After opening the 2008 season with a 1-4 record, the Titans rebounded and ended the season with a 10-6 record. The team finished in a four-way tie for the best record in the league with Buffalo, Minnesota, and Philadelphia. Due to the NLL's tiebreaker rules and procedures, the Titans finished third in the division and league standings, but secured their first playoff berth in franchise history. The Titans advanced to the NLL Eastern Division Final, defeating the Minnesota Swarm 11-8, however, lost 19-12 to eventual Champion's Cup-winners the Buffalo Bandits.

Following the season, head coach Adam Mueller was awarded the Les Bartley Award for coach of the year. Mueller soon after announced his retirement from coaching, and former Rochester Knighthawks coach Ed Comeau was hired as the head coach for the 2009 season.

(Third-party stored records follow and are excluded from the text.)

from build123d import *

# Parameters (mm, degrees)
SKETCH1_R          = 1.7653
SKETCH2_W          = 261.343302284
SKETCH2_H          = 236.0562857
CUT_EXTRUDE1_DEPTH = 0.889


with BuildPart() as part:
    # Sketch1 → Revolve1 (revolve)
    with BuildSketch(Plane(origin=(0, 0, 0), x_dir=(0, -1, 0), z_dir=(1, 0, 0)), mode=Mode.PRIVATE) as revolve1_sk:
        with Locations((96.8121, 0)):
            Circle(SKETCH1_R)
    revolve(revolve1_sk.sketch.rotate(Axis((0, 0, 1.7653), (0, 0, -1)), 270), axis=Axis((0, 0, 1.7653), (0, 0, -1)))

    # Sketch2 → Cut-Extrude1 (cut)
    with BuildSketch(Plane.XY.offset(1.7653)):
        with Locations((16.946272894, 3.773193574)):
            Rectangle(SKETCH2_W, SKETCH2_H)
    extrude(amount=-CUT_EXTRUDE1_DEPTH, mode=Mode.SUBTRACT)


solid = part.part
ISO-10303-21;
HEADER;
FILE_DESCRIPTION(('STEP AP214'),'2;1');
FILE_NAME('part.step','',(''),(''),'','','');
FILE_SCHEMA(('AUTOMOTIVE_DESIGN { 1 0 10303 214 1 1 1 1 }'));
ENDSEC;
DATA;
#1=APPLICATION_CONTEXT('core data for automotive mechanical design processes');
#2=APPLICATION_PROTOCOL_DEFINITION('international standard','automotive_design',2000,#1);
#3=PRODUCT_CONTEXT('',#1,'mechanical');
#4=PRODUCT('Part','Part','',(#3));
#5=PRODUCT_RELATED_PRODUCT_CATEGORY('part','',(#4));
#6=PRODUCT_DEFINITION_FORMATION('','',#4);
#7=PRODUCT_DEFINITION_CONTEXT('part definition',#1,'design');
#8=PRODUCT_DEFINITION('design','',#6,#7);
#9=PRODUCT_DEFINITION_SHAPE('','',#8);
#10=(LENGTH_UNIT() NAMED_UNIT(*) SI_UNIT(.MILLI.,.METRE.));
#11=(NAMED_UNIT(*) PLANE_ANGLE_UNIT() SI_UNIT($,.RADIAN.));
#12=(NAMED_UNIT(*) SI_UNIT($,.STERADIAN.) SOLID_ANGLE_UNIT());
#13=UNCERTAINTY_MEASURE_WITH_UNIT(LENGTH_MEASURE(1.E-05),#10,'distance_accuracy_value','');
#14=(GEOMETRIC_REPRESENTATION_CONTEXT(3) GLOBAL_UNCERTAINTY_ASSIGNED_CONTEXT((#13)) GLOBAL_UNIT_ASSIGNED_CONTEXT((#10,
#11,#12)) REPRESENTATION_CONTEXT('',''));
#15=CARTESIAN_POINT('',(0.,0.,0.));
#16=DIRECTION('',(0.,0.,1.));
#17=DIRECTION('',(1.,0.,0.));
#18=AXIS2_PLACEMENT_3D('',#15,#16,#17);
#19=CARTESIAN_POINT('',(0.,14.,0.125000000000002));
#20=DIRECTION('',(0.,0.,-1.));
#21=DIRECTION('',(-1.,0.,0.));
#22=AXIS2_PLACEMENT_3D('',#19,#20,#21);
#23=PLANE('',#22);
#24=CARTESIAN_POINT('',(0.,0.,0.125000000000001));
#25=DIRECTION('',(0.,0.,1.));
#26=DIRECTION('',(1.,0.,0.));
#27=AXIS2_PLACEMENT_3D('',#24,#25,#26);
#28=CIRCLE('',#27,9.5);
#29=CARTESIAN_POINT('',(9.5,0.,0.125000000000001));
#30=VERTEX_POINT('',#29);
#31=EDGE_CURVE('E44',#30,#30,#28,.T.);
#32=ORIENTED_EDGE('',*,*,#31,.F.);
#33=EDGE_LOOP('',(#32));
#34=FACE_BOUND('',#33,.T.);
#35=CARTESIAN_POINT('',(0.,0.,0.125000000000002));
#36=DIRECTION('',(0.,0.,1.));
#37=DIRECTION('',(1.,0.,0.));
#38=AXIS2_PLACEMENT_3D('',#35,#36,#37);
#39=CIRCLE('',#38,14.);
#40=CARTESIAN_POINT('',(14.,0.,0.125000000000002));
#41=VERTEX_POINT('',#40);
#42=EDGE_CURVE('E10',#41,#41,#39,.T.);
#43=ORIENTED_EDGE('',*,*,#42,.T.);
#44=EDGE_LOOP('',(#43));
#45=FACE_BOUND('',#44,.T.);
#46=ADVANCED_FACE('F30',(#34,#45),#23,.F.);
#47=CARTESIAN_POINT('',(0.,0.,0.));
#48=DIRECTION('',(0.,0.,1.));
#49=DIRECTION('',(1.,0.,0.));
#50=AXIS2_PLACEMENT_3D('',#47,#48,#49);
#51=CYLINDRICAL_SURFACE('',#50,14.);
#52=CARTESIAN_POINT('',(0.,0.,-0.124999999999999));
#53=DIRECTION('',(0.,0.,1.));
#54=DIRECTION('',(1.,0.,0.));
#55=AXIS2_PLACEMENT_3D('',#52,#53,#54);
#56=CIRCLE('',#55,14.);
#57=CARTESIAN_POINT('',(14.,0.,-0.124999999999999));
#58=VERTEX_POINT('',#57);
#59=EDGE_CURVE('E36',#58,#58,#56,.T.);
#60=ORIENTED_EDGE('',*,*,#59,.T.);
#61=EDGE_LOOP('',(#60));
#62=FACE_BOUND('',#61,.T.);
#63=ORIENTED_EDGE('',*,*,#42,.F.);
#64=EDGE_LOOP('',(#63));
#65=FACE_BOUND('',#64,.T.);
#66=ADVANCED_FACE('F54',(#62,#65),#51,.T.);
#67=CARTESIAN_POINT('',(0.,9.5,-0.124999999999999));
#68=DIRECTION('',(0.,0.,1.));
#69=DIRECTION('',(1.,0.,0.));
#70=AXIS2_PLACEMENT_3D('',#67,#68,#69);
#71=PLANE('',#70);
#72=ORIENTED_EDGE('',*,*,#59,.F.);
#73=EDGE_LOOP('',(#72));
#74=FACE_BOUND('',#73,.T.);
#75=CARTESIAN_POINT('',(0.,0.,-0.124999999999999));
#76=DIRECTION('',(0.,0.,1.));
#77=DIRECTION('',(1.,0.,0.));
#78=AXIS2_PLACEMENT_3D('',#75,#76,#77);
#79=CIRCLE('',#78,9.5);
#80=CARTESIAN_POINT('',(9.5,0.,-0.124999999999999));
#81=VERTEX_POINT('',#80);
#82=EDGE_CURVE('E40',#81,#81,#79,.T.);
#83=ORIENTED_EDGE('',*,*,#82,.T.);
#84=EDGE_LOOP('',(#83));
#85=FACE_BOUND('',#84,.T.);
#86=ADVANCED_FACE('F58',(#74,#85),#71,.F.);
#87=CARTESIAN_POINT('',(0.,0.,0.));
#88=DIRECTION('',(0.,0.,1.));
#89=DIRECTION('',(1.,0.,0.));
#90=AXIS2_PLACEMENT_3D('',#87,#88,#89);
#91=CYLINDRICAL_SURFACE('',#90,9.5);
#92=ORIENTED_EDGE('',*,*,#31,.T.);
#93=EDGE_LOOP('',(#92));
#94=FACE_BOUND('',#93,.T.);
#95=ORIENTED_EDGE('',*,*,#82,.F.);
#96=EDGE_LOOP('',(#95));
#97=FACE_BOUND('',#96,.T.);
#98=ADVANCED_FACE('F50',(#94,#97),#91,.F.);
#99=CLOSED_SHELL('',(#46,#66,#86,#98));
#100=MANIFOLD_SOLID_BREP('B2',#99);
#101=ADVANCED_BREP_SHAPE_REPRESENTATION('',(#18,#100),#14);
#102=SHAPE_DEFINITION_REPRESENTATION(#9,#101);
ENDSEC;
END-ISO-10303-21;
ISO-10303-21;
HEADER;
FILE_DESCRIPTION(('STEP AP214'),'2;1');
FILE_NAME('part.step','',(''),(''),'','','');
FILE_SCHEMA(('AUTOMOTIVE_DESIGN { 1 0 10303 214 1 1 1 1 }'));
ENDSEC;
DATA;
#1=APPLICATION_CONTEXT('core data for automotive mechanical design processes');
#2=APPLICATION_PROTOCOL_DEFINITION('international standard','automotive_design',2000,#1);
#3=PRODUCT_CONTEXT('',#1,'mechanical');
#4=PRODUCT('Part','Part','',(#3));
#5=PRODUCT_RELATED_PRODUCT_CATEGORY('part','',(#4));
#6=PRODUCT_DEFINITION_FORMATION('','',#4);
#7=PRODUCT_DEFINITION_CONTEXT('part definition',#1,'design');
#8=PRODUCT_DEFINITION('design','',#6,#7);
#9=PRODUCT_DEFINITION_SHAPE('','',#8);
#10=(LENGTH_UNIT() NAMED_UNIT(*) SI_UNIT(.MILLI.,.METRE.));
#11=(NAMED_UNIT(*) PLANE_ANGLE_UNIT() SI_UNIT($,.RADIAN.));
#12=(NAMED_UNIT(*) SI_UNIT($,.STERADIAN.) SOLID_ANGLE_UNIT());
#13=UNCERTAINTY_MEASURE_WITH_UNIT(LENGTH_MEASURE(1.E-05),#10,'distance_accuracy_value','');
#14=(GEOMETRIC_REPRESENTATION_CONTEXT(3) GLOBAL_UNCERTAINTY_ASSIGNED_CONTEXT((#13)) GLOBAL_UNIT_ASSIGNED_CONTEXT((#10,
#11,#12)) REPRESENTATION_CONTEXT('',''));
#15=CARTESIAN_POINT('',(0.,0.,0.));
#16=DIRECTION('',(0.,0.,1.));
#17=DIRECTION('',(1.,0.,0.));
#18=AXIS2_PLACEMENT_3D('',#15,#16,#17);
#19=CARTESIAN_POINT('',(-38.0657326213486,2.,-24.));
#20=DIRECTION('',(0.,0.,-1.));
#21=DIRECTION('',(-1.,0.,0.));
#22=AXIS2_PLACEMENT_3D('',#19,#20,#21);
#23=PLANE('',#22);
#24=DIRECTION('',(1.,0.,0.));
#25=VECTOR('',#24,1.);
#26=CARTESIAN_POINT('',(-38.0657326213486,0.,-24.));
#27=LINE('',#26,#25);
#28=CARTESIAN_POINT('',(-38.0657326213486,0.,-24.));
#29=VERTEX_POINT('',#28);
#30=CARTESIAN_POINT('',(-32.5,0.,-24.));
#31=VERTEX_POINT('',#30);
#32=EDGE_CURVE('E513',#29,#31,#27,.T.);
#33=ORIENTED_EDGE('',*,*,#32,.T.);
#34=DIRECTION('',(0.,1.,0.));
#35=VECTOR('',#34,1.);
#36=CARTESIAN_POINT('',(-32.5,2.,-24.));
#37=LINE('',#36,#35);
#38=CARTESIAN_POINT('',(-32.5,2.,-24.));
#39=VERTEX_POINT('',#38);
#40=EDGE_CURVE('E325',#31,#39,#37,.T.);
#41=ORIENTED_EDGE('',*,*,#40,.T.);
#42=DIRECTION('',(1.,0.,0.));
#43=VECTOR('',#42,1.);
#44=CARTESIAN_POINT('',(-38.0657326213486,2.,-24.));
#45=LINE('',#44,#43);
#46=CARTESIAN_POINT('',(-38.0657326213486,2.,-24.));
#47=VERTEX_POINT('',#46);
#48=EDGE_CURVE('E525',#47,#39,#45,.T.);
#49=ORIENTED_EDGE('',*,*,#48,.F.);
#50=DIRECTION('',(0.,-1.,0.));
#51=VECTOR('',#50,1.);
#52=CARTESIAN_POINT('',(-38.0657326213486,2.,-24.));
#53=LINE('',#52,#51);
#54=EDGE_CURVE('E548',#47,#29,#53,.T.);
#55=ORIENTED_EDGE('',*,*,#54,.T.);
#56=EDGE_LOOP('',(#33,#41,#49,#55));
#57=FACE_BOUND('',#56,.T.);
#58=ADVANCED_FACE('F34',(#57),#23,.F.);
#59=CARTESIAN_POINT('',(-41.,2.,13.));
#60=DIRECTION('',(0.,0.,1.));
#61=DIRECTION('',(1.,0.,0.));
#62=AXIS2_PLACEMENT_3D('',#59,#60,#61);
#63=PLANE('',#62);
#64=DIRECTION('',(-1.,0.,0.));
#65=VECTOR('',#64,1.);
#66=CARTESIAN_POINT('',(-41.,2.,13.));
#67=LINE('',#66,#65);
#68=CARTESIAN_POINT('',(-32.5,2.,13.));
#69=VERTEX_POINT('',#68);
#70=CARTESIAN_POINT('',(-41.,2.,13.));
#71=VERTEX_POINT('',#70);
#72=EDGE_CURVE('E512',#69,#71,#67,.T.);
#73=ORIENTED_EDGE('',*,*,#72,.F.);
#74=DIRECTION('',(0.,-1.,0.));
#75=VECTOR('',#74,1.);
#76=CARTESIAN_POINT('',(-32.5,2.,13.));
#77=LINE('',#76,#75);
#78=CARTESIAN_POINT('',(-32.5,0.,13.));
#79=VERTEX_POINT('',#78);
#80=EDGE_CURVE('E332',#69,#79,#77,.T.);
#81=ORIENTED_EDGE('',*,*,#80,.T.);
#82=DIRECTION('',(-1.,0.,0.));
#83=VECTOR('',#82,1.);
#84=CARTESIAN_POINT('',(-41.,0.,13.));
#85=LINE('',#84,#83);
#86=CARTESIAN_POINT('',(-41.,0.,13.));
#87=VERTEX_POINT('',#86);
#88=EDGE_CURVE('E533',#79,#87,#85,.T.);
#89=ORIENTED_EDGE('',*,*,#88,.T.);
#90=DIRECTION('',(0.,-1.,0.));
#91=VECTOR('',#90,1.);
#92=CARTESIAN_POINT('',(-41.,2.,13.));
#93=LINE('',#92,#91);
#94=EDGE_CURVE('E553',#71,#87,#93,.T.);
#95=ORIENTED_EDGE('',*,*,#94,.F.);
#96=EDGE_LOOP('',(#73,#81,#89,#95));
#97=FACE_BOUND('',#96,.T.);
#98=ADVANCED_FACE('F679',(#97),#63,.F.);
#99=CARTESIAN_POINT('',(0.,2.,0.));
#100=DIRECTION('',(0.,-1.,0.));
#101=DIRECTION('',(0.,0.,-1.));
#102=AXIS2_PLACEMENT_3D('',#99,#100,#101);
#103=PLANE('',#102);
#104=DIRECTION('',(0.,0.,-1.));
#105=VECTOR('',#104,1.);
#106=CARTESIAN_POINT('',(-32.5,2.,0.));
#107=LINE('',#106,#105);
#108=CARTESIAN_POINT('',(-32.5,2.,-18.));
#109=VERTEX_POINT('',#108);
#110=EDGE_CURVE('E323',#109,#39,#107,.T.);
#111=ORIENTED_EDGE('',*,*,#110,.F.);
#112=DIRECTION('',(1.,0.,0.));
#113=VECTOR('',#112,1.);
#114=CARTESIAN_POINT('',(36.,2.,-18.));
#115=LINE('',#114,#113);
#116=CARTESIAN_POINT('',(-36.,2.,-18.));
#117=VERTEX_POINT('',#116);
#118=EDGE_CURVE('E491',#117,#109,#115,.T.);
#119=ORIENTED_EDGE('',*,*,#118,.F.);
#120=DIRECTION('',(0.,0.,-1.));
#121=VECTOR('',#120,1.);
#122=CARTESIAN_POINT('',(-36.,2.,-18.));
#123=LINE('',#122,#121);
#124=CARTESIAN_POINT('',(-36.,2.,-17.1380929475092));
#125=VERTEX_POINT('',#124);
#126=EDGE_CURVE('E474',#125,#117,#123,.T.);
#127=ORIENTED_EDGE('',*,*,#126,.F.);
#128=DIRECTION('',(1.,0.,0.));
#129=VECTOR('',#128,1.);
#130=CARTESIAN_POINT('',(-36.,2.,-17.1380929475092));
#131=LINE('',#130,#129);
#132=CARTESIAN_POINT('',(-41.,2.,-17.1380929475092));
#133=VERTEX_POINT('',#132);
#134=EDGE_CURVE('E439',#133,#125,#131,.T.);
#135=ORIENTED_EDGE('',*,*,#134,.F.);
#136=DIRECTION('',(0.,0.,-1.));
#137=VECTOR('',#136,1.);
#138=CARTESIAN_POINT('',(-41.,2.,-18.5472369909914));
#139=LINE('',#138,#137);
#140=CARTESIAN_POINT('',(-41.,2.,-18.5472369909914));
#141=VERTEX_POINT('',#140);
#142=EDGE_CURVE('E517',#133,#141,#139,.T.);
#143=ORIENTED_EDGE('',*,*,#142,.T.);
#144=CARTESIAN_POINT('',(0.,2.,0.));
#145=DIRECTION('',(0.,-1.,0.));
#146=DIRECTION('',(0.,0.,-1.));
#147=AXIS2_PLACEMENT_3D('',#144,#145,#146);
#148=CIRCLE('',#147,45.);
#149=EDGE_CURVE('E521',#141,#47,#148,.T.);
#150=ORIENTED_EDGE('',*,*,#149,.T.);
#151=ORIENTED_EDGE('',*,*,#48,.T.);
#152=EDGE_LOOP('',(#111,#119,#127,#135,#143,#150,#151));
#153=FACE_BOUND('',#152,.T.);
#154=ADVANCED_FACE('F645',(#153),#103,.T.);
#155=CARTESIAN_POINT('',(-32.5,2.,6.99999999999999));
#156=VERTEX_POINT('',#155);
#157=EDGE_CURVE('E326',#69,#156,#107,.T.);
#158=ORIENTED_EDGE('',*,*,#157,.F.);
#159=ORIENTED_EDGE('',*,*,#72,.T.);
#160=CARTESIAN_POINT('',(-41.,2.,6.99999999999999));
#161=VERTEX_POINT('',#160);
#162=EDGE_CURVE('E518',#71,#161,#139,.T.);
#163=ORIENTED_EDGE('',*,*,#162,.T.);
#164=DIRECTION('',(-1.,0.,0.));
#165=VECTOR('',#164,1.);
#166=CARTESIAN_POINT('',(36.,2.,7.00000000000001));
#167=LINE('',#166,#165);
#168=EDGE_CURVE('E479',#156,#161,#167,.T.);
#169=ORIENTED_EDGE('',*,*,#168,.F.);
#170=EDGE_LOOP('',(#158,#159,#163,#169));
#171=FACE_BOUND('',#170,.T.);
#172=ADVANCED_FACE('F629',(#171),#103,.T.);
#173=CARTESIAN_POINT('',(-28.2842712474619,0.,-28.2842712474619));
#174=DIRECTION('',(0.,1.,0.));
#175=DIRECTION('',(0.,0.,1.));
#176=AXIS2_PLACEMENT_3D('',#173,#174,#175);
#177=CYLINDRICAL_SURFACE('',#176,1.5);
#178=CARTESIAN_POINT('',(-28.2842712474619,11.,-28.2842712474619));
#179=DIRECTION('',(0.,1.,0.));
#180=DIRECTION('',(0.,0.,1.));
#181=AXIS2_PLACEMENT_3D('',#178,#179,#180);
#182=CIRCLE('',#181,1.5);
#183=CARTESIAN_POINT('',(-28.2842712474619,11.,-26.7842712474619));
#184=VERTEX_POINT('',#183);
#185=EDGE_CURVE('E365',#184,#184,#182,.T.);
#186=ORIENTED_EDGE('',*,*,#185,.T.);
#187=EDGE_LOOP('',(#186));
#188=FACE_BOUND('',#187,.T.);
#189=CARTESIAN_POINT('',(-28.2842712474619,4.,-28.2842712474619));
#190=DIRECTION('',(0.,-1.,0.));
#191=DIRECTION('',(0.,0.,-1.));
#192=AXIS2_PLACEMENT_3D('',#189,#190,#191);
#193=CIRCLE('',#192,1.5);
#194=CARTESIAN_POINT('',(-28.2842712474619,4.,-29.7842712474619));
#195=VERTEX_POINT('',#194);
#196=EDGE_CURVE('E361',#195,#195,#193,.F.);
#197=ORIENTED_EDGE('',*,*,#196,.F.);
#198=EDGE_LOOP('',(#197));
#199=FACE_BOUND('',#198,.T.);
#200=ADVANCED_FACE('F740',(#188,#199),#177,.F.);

2009 championship runners-up

With new head coach Ed Comeau, the Titans finished on top of the Eastern Division standings with a 10-6 record. They would later defeat the Rochester Knighthawks and returning Champion Cup winners the Buffalo Bandits to advance to the Champion's Cup, The Titans lost 12-10 to the Calgary Roughnecks in the championship game.

All-time record

Awards & honors

Playoff results

Attendance

A - Madison Square Garden, NY. Capacity: 18,200
B - Nassau Coliseum,       NY. Capacity: 16,234
C - Sovereign Bank Arena,  NJ. Capacity: 8,100
D - Prudential Center,     NJ. Capacity: 17,625
E - Sold.                      Game sold to another team.
F - Promotion game.            Played out of the tri-state area.

Draft history

NLL Entry Draft 
First Round Selections

 2006: Brendan Mundorf (11th overall)
 2007: Jordan Hall (1st overall), Mitch Belisle (13th overall) 
 2008: None

See also
 New York Titans seasons
 Orlando Titans

References

Defunct National Lacrosse League teams
Lacrosse teams in New York (state)
Sports in Long Island
Lacrosse clubs established in 2006
Sports clubs disestablished in 2009
2006 establishments in New York (state)
2009 disestablishments in New York (state)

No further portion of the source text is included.